**What is needed:** The word "CIRCLE" marks the lines to keep; find each one in the data and copy it.

**Recorded data:**
┏━━

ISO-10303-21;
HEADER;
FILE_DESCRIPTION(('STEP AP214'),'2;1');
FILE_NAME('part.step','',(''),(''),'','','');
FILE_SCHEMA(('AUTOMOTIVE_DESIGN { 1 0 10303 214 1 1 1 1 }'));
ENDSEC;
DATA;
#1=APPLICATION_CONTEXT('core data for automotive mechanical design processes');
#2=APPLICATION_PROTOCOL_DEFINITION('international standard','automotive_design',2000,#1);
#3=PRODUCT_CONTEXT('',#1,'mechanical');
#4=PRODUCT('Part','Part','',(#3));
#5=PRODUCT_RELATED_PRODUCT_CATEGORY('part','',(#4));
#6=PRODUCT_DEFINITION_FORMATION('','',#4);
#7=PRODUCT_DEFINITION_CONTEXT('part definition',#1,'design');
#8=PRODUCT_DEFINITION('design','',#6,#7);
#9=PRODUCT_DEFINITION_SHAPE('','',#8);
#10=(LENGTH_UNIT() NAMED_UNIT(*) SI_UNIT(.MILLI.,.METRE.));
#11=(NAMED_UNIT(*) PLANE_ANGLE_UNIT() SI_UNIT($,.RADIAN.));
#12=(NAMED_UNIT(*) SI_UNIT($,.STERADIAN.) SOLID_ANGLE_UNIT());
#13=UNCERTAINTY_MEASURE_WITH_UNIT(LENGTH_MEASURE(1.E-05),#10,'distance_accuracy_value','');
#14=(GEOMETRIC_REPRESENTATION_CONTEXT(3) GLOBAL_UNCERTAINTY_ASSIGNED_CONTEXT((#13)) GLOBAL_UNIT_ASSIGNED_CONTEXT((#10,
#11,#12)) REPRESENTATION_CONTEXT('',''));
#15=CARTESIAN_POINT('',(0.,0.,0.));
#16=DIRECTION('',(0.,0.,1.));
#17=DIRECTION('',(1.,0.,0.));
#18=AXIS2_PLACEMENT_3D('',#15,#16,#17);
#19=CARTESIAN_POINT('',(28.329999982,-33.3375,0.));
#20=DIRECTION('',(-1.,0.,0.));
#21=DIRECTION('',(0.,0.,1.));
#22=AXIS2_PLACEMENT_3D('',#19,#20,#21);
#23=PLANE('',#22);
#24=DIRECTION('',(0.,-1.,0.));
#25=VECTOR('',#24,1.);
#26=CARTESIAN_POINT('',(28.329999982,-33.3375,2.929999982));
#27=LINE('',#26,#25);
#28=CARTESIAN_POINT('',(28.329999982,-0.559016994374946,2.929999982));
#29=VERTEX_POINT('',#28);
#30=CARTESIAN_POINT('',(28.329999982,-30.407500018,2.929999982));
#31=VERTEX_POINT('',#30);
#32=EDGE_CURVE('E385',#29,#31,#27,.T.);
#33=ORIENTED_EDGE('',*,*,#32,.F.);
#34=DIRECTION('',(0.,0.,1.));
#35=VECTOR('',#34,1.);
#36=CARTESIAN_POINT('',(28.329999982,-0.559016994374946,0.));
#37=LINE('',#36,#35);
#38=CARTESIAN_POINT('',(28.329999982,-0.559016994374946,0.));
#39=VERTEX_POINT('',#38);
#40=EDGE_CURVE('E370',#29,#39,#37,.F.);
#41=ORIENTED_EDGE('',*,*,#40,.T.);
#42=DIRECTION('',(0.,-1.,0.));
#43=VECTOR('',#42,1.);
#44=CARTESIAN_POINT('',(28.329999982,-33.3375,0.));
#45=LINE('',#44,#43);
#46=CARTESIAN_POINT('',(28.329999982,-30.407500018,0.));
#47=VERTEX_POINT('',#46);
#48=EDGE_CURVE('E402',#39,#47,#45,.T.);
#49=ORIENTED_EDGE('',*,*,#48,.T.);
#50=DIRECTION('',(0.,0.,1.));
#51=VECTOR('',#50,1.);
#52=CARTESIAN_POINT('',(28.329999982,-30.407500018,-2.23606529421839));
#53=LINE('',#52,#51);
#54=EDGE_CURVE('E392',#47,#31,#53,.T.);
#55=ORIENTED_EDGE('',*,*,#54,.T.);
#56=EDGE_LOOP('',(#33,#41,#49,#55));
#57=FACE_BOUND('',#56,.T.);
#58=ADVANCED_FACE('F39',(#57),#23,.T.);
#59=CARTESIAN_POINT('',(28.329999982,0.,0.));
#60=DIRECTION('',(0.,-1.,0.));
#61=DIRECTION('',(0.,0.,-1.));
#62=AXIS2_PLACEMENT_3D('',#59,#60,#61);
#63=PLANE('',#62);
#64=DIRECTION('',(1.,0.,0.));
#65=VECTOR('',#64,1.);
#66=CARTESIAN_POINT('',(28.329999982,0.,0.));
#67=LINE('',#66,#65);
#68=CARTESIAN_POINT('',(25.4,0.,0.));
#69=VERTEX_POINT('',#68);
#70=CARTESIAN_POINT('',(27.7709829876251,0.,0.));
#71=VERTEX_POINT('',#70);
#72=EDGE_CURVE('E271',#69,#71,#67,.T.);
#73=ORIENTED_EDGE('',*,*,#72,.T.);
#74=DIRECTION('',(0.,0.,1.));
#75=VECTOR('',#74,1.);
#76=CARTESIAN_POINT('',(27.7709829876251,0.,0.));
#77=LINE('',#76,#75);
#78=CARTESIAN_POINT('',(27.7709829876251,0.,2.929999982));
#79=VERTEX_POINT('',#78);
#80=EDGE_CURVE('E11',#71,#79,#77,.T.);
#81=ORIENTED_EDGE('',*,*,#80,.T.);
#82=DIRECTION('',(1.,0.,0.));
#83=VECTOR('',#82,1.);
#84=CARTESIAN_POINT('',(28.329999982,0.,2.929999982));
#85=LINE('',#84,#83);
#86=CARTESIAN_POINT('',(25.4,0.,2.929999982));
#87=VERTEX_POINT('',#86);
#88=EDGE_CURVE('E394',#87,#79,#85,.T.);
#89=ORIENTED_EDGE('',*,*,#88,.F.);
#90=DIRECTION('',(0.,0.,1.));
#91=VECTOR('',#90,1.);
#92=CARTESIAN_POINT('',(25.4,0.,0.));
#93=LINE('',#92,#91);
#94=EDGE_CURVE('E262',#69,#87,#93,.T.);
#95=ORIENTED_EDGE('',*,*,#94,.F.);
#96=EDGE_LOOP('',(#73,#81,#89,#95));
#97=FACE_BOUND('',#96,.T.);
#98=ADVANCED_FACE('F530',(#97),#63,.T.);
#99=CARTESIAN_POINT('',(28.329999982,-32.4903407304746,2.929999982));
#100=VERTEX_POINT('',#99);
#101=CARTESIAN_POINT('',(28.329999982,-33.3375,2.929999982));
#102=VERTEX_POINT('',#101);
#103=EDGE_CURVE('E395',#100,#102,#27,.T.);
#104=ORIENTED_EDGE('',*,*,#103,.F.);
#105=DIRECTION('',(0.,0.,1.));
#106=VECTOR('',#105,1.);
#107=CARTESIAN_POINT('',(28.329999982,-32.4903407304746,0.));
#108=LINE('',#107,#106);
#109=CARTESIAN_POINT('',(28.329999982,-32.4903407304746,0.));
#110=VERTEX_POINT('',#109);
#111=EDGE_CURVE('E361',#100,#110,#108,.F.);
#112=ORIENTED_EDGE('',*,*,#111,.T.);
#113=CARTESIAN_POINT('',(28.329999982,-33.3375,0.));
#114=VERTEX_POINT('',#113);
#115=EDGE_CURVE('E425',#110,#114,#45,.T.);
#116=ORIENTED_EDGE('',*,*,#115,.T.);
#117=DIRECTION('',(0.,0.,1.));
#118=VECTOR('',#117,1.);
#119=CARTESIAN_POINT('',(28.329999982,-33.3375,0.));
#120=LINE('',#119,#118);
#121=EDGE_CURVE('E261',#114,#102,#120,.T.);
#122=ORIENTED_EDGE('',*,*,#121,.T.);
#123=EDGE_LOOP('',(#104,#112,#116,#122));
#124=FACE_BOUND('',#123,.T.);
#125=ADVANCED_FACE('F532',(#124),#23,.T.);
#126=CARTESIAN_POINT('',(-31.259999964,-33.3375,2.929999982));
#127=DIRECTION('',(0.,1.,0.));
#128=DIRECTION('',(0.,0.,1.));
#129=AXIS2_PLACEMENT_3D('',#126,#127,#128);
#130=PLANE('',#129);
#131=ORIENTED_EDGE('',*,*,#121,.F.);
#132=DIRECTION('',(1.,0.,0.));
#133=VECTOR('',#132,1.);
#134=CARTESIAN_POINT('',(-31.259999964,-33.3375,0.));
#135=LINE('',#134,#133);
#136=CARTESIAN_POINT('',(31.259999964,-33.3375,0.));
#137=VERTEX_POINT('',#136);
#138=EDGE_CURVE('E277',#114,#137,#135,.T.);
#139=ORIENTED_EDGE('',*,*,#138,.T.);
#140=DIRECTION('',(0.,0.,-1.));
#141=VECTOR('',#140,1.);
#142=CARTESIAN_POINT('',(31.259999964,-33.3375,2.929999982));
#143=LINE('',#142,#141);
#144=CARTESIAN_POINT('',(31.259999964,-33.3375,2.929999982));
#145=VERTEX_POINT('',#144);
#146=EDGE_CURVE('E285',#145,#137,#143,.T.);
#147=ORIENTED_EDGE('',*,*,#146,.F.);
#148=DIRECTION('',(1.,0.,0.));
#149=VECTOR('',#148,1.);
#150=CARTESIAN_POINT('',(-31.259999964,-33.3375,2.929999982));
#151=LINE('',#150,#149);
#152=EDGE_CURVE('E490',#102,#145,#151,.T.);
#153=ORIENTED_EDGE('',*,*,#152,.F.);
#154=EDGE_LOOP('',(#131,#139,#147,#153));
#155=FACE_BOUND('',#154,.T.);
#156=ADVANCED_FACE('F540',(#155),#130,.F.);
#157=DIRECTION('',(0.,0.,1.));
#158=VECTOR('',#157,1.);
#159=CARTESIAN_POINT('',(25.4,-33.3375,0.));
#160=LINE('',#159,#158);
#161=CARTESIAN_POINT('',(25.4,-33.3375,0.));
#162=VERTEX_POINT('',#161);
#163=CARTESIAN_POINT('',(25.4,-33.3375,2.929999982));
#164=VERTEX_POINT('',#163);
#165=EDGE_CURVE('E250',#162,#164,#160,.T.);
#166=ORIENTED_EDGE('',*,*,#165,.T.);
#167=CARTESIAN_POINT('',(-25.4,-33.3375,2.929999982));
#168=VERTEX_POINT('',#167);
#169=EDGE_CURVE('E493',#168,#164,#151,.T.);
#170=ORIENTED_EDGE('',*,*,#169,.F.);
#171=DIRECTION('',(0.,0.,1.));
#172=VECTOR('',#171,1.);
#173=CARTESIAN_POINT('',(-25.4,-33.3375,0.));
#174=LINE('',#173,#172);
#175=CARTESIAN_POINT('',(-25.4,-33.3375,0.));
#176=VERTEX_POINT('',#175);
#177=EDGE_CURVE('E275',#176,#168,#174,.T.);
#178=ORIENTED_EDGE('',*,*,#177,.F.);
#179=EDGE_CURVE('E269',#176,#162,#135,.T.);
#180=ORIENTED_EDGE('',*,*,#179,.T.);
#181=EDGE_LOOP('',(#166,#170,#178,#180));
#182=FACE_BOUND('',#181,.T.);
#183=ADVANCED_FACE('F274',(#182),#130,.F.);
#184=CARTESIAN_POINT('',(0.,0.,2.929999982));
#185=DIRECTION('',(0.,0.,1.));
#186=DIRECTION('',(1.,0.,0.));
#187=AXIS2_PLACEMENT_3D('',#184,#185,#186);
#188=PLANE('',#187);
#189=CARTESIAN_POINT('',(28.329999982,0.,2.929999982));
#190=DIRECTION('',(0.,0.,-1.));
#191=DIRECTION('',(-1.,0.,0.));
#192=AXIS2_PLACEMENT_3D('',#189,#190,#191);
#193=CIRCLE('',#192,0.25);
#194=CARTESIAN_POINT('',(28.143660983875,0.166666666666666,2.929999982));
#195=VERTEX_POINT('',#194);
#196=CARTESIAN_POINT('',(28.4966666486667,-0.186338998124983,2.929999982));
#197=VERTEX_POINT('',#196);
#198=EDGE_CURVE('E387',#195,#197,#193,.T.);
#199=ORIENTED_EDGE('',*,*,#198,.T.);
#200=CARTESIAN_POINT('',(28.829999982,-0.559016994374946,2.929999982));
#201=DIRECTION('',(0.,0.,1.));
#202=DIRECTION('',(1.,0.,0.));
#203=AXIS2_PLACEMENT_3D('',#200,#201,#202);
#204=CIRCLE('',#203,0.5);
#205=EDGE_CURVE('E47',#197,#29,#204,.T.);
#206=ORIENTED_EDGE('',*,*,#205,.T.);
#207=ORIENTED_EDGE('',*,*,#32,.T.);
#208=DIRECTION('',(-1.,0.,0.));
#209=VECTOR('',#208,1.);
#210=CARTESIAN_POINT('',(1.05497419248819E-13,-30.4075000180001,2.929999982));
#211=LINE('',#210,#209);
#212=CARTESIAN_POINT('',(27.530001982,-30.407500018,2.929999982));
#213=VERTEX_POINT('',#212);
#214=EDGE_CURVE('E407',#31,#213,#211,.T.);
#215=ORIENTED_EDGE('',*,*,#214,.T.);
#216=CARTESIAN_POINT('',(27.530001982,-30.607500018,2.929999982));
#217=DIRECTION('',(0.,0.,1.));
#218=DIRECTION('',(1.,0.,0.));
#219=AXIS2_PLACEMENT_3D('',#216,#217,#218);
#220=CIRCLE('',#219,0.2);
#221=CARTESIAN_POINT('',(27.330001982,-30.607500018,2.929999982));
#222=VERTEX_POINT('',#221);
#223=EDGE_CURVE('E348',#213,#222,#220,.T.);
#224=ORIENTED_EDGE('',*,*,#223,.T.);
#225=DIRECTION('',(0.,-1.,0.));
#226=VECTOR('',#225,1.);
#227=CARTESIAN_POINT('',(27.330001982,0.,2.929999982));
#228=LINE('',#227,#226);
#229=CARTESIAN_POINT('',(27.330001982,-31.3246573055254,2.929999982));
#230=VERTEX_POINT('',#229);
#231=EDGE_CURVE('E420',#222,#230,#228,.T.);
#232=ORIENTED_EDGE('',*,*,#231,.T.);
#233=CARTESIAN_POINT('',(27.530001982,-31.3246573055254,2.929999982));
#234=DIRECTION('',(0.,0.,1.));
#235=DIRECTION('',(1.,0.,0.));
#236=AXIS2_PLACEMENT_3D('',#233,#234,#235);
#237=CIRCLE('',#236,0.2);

┗━━

**Result of this task:**
#193=CIRCLE('',#192,0.25);
#204=CIRCLE('',#203,0.5);
#220=CIRCLE('',#219,0.2);
#237=CIRCLE('',#236,0.2);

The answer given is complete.